Пойте, неупокоенные, пойте - Уорд Джесмин. Страница 45
– Нет, мэм.
– Но могло бы. У тебя могло быть это видение.
Ма поворачивает голову в сторону, прислушиваясь к песне Ричи. Кривит лицо в гримасе, словно если бы она могла двигаться без боли, она качала бы головой.

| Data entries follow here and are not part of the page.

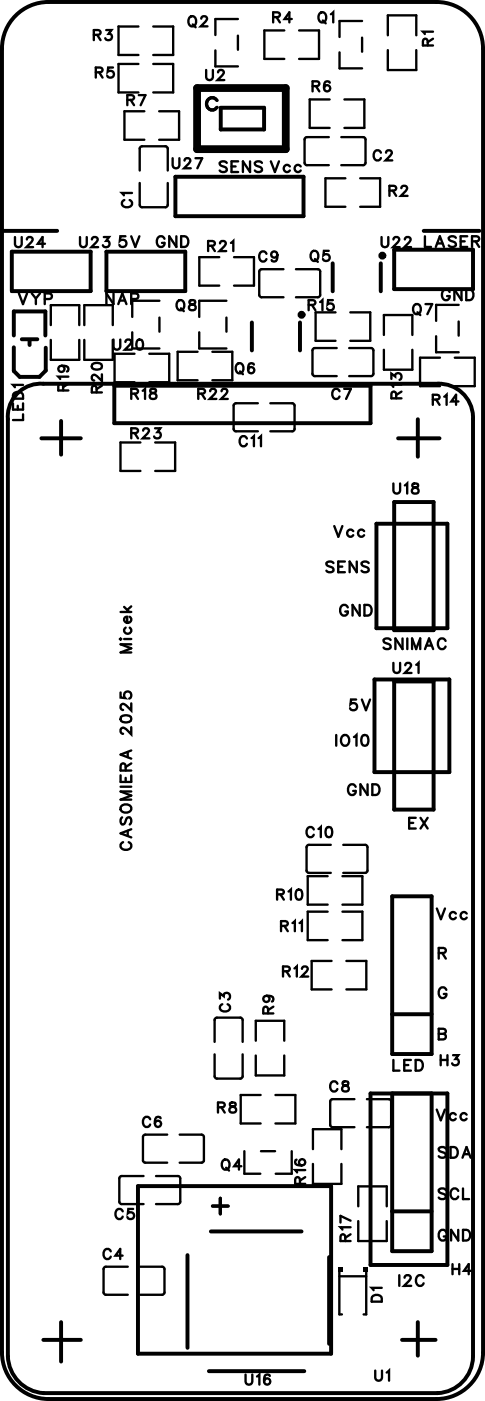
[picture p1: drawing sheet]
<svg xmlns="http://www.w3.org/2000/svg" width="31mm" height="90mm" viewBox="0 0 31 90" stroke-linecap="round" stroke-linejoin="round" font-family="sans-serif">
<g fill="none" stroke="#000" stroke-width=".25">
<path d="M.1 14.9h3.6M.8 16.2h5v2.6h-5zM1.3 .8l.5-.4 .6-.2 .7-.1h25a3 3 0 0 1 3 3v84a3 3 0 0 1-3 3h-25a3 3 0 0 1-3-3v-84a3 3 0 0 1 1.2-2.3zM6.9 16.2h5v2.6h-5zM11.3 11.4h8.3v2.5h-8.3zM14.2 6.9h2.8v1.4h-2.8zM21.4 17v1.8M24.5 17v1.8M25.4 16.1h5.1v2.5h-5.1zM27.3 14.9h3.6M.9 21.6v-1.5h2v1.5M.9 22.4v1.5l.4 .4h1.2l.4-.4v-1.5"/>
<path d="M1.4 21.9h1M1.9 22v.2M2.7 28.2h2.5M3.9 27.1v2.2M7.4 24.8h16.5v2.5h-16.5zM16.2 20.8v1.8M19.3 20.8v1.8M24.3 33.7h4.5v6.8h-4.5zM25.4 32.3h2.5v8.3h-2.5zM25.7 28.2h2.6M26.9 27v2.4M28.2 24.7a2.19 2.19 0 0 1 2.3 2.3v60.4"/>
<path d="M28.3 24.7h-25.5a2.13 2.13 0 0 0-2.3 2.3v60.4a2.47 2.47 0 0 0 2.3 2.3h25.4a2.39 2.39 0 0 0 2.3-2.3M24.1 43.8h4.9v5.9h-4.9zM25.3 57.7h2.5v10.2h-2.5zM25.4 43.9h2.5v8.3h-2.5zM8.9 76.4h12.4v10.8h-12.4zM13.6 79.3h5.8M23.9 70.4h4.9v11.1h-4.9zM25.3 70.4v10.2h2.5v-10.2M25.3 65.3h2.5M25.3 78h2.5M2.8 86.3h2.4M3.9 85.2v2.5"/>
<path d="M12.1 80.9v5.9M13.5 88.3h6.1M21.2 81v5.6M25.9 86.3h2.2M26.9 85.2v2.1"/>
<circle cx="24.6" cy="16.5" r=".13"/>
<circle cx="19.4" cy="20.3" r=".13"/>
</g>
<g fill="none" stroke="#000" stroke-width=".15">
<path d="M1 15.3v.4l.2 .2 .2-.1v-.5M1.2 18.9l.3 .7 .2-.7M1.7 15.4l.2-.1 .2 .1-.4 .5h.4M2 18.9l.3 .3v.4M2.6 18.9l-.3 .3M2.9 19.3l.4-.1v-.2l-.4-.1v.7M2.9 15.7h-.5l.3-.4v.6M5.2 15.3v.4l.1 .2 .3-.1v-.5M5.9 15.4l.1-.1 .3 .1-.4 .5h.4M6 2.2h.4v-.2l-.4-.1v.7M6.2 4.7l.3-.1 .1-.2-.4-.1v.7M6.3 2.2l.2 .4"/>
<path d="M6.4 4.7l.2 .3M6.7 15.3h.3l-.2 .2a.22 .22 0 0 1 .2 .4 .22 .22 0 0 1-.4-.1M6.8 1.9h.4l-.2 .3a.22 .22 0 0 1 .2 .3 .22 .22 0 0 1-.4 0M7.3 4.3h-.3l-.1 .3a.23 .23 0 0 1 .4 0 .23 .23 0 0 1-.1 .4 .23 .23 0 0 1-.3-.1M7.3 18.9v.7l-.4-.7v.7M7.6 19.6l.3-.7 .2 .7M7.7 19.4h.3M8 12.9a.24 .24 0 0 0-.1 .3 .24 .24 0 0 0 .2 .2h.2a.24 .24 0 0 0 .2-.2 .24 .24 0 0 0-.1-.3M8.1 15.2h-.3l-.1 .3a.24 .24 0 0 1 .4 0 .24 .24 0 0 1-.1 .4 .24 .24 0 0 1-.3-.1M8.2 6.4h.4v-.2l-.4-.1v.7M8.4 6.4l.2 .4M8.5 19.3l.3-.1 .1-.2-.4-.1v.7"/>
<path d="M8.5 15.2l.2 .7 .3-.7M8.5 12.4h-.6l.1 .2M8.9 1.7h-1.3v1.8h1.3M8.9 4.1h-1.3v1.9h1.3M8.9 6.1h.5l-.3 .7M9 11v-1.5l1.7-.1 .1 .2v1.4M9 11.8v1.5l1.7 .1 .1-.2v-1.4M9.3 7.2h-1.3v1.8h1.3M9.9 1.7h1.3v1.8h-1.3M9.9 4.1h1.3v1.9h-1.3M10.3 7.2h1.2v1.8h-1.2M10.3 19.4h-1.8v1"/>
<path d="M10.6 15.4a.25 .25 0 0 0-.3-.2 .25 .25 0 0 0-.2 .3v.1a.25 .25 0 0 0 .3 .3 .25 .25 0 0 0 .2-.3h-.2M11.1 10.2v.5l.2 .1 .2-.1 .1-.5M11.4 15.2v.7l-.5-.7v.7M11.4 19.4h.1a.3 .3 0 0 1 .4 .3 .3 .3 0 0 1-.4 .3l-.1-.3zM11.7 19.9l.1 .1M11.7 15.2h.2a.37 .37 0 0 1 .2 .4 .37 .37 0 0 1-.2 .3h-.2zM11.9 10.3l.1-.1 .3 .1-.4 .5h.4M12.2 1.1h.1a.3 .3 0 0 1 .3 .3 .3 .3 0 0 1-.3 .3l-.2-.3zM12.2 19.4v.2a.27 .27 0 0 1 .3 0 .27 .27 0 0 1 0 .4h-.3a.27 .27 0 0 1 0-.4 .27 .27 0 0 1 .3 0v-.2zM12.4 1.6l.2 .2M12.6 10.2h.4l-.3 .6M13 1.2l.1-.2 .2 .2-.4 .5h.5"/>
<path d="M13.3 4.5v.5l.2 .2 .2-.1v-.6M13.4 15.8h.4v-.2l-.4-.1v.7M13.6 15.8l.2 .4M13.9 3.2v1.1h1.4M14.1 4.7l.1-.2 .2 .1-.4 .6h.5M14.1 16.6h-1.3v1.8h1.3M14.2 15.7l.1-.2 .2 .1-.4 .6h.5M14.6 19.4h-1.8v1M14.6 10.5l-.2-.1-.2 .1v.2l.4 .2v.1l-.2 .1-.2-.1M14.9 15.6l.1-.1v.7M14.9 10.7h.3M15.1 16.6h1.3v1.8h-1.3"/>
<path d="M15.3 1.2h-1.4v1.1M15.3 2.3v.9M15.3 10.4h-.4v.7h.4M16.1 10.4v.7l-.4-.7v.7M16.9 10.5l-.2-.1-.3 .1 .1 .2 .3 .1 .1 .2-.2 .1-.3-.1M17.2 16.4a.24 .24 0 0 0-.3-.2 .24 .24 0 0 0-.2 .2v.2a.24 .24 0 0 0 .2 .2 .24 .24 0 0 0 .3-.1M17.5 10.4l.2 .7 .3-.7M17.6 1.1h.4v-.2l-.4-.1v.6M17.8 1.1l.2 .3M17.9 16.4a.2 .2 0 0 1-.3 .2 .2 .2 0 0 1-.1-.3 .2 .2 0 0 1 .3 0l.1 .1a.31 .31 0 0 1-.3 .4h-.1M18.3 17.3l-1.5 .1-.1 1.6 .2 .1h1.4M18.3 2h-1.3v1.8h1.3"/>
<path d="M18.7 10.7a.22 .22 0 0 0-.3 0 .22 .22 0 0 0 0 .3 .22 .22 0 0 0 .3 0M18.8 1.2h-.5l.3-.4v.6M19.1 17.3l1.5 .1v1.6l-.1 .1h-1.4M19.3 2h1.3v1.8h-1.3M19.4 10.7a.22 .22 0 0 0-.3 0 .22 .22 0 0 0 0 .3 .22 .22 0 0 0 .3 0M19.9 19.6h.4v-.2l-.4-.1v.7M20.1 16.3v-.1a.3 .3 0 0 1 .4 .3 .3 .3 0 0 1-.4 .3l-.1-.2zM20.1 19.6l.2 .4M20.1 5.5h.4v-.2l-.4-.1v.7M20.3 16.7l.2 .2M20.4 5.5l.2 .4M20.6 .9v-.1a.3 .3 0 0 1 .4 .3 .3 .3 0 0 1-.4 .3l-.1-.2z"/>
<path d="M20.6 19.5l.2-.2v.7M20.8 1.3l.2 .2M21.2 16.2h-.3l-.1 .2a.23 .23 0 0 1 .4 0 .23 .23 0 0 1-.1 .4 .23 .23 0 0 1-.3-.1M21.2 8.8l-1.5 .1-.1 1.6 .2 .1h1.4M21.2 6.4h-1.2v1.8h1.2M21.2 5.3a.32 .32 0 0 0-.4 .2 .32 .32 0 0 0 .3 .4 .2 .2 0 0 0 .2-.2 .2 .2 0 0 0-.2-.2 .2 .2 0 0 0-.2 .2M21.3 .9l.2-.1v.6M21.5 19.3h-.4v.3a.23 .23 0 0 1 .4 0 .23 .23 0 0 1-.1 .3 .23 .23 0 0 1-.3 0M21.9 3.4v1h1.4M22 8.8l1.5 .1 .1 1.6-.2 .1h-1.4M22.2 6.4h1.3v1.8h-1.3M22.3 11.5h-1.3v1.8h1.3"/>
<path d="M23.2 11.5h1.3v1.8h-1.3M23.3 1.4h-1.4v1M23.3 2.4v.9M24.5 9.8a.24 .24 0 0 0-.2-.1 .24 .24 0 0 0-.2 .2v.2a.24 .24 0 0 0 .2 .2 .24 .24 0 0 0 .2-.1M24.6 15.3v.4l.2 .2 .2-.1v-.5M24.9 9.8l.1-.1 .2 .1-.4 .5h.5M25 2.3v-1.3h1.8v1.3M25 3.2v1.3h1.8v-1.3M25.1 12.3l.4-.1v-.2h-.4v.6M25.3 12.3l.2 .3M25.4 15.4l.1-.1 .2 .1-.4 .5h.5M25.9 12.1l.1-.1 .2 .1-.4 .5h.5"/>
<path d="M26.1 15.4l.1-.1 .3 .1-.4 .5h.4M26.7 19.7v-.1a.3 .3 0 0 1 .4 .3 .3 .3 0 0 1-.4 .3l-.1-.2zM27.4 15.2v.7h.4M27.4 19.6h.4l-.3 .6M27.6 2.9l-.1-.3-.2-.1v.4h.6M27.9 2h-.6l.1 .2M27.9 2.5l-.3 .2M28.1 15.9l.2-.7 .3 .7M28.2 15.7h.3M29 18.8a.25 .25 0 0 0-.3-.2 .25 .25 0 0 0-.2 .3v.2a.25 .25 0 0 0 .2 .2 .25 .25 0 0 0 .3-.2h-.2M29.4 15.3l-.2-.1-.3 .1 .1 .2 .4 .2v.1l-.2 .1-.3-.1M29.6 19.6h-1.5v1.1"/>
<path d="M29.7 15.5h.2M29.7 18.6v.7l-.4-.7v.7M30 18.6h.3a.37 .37 0 0 1 .2 .4 .37 .37 0 0 1-.2 .3h-.3zM30.1 15.2h-.4v.7h.4M30.4 15.5h.4v-.2l-.4-.1v.7M30.6 15.5l.3 .4M.8 26v.4h.7v-.4M.9 25.3h.2h.3l.1 .4h-.7zM1.1 26.1v.3M1.5 24.8h-.7l.2 .1M1.5 26.7v.4h-.7M3.3 20.9v-1.2h1.8v1.2"/>
<path d="M3.3 21.9v1.3h1.8v-1.3M4 23.6a.2 .2 0 0 1 .1 .2 .2 .2 0 0 1-.3 .1 .2 .2 0 0 1 0-.3h.2a.31 .31 0 0 1 .4 .2l-.1 .1M4.1 25.2l-.1-.4h-.2v.4h.6M4.4 24.3h-.6l.1 .1M4.4 24.7l-.3 .2M5.4 20.9v-1.2h1.9v1.2M5.4 21.9v1.3h1.9v-1.3M5.9 23.5a.32 .32 0 0 1 .4-.2 .32 .32 0 0 1 .2 .4 .32 .32 0 0 1-.4 .1 .32 .32 0 0 1-.2-.3zM6.2 25.3v-.4h-.2l-.1 .4h.7M6.6 24.1v.4l-.6-.4-.1 .3 .2 .1M6.6 24.8l-.4 .3M7.3 21.9v.4l.2 .2 .2-.1v-.5"/>
<path d="M7.8 39.4h.7M8 39.1l.3 .3M8.1 22l.1-.1 .3 .1-.4 .5h.4M8.4 39.7a.22 .22 0 0 1 0 .4 .22 .22 0 0 1-.3 0 .22 .22 0 0 1 0-.4h.1v.4M8.5 25.4l.3-.1 .1-.2h-.4v.6M8.5 27.9h.3l.1-.2-.4-.1v.6M8.5 39.1l-.3 .2M8.5 21.4v1h1.8M8.7 22.8h-1.3v1.8h1.3M8.7 25.4l.2 .3M8.7 27.9l.2 .3M8.9 21.9a.32 .32 0 0 1 .4 .2 .32 .32 0 0 1-.3 .4l-.2-.1v-.2z"/>
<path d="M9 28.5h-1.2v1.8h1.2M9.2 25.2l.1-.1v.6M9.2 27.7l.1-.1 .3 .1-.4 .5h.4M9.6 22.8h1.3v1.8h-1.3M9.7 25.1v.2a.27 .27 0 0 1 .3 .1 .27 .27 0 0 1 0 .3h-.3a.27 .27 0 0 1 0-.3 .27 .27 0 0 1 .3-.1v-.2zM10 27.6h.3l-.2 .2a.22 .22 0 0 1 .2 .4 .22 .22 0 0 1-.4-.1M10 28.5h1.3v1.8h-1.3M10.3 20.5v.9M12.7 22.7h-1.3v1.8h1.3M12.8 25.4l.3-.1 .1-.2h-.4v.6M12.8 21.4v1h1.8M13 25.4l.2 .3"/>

– Там снаружи кто-то есть?
Я качаю головой в ответ. Каспер скулит.
– Ты уверен?
Словно лезвия режут песню Ричи. Кажется, я чувствую каждую волну его мрачного напева на своей коже: неприятное прикосновение. Вот Леони хлещет меня по лицу. Вот Майкл бьет меня в грудь. Вот старший мальчик по имени Калеб, который сидел рядом со мной на последнем месте в автобусе, кладет свою руку мне на колени и сжимает мой член, прежде чем я бью его локтем в шею, и водитель автобуса записывает мне замечание, когда Калеб падает в проход, задыхаясь. Все плохое, как на подбор.
– Нет, мэм, – говорю я.
Я не утоплю ее.
Глава 12
Ричи
Рив обнимает их, хоть и находится физически в другой комнате и не может их коснуться. Мальчика – Джоджо и девочку – Кайлу. Рив прижимает их к себе. Он видит, как они завтракают: овсянкой и сосисками. Он нарезает тонкие ломтики масла и засовывает их в теплую воздушную начинку бисквитов, которые он замешивает и выпекает. Масло тает и стекает по бокам, и я ничего не пожалел бы, чтобы попробовать хлеб, приготовленный с такой любовью: представляю, какой он мягкий и рассыпчатый. Кайла вымазывает лицо маслом, и Рив смеется над ней. У Джоджо на губе кусочек еды, и Рив велит ему вытереть рот. Затем они идут в сад Рива, где собирают клубнику и ежевику и пропалывают сорняки, пока солнце не поднимется высоко. Они едят ягоды прямо с куста. Ожидаю увидеть крылатую тень над ними, но там лишь это: сад, зеленый и сладкий. Жизненные цветы, выводящие сладость из плодов. Джоджо садится на корточки и жует. Наклоняюсь над ним.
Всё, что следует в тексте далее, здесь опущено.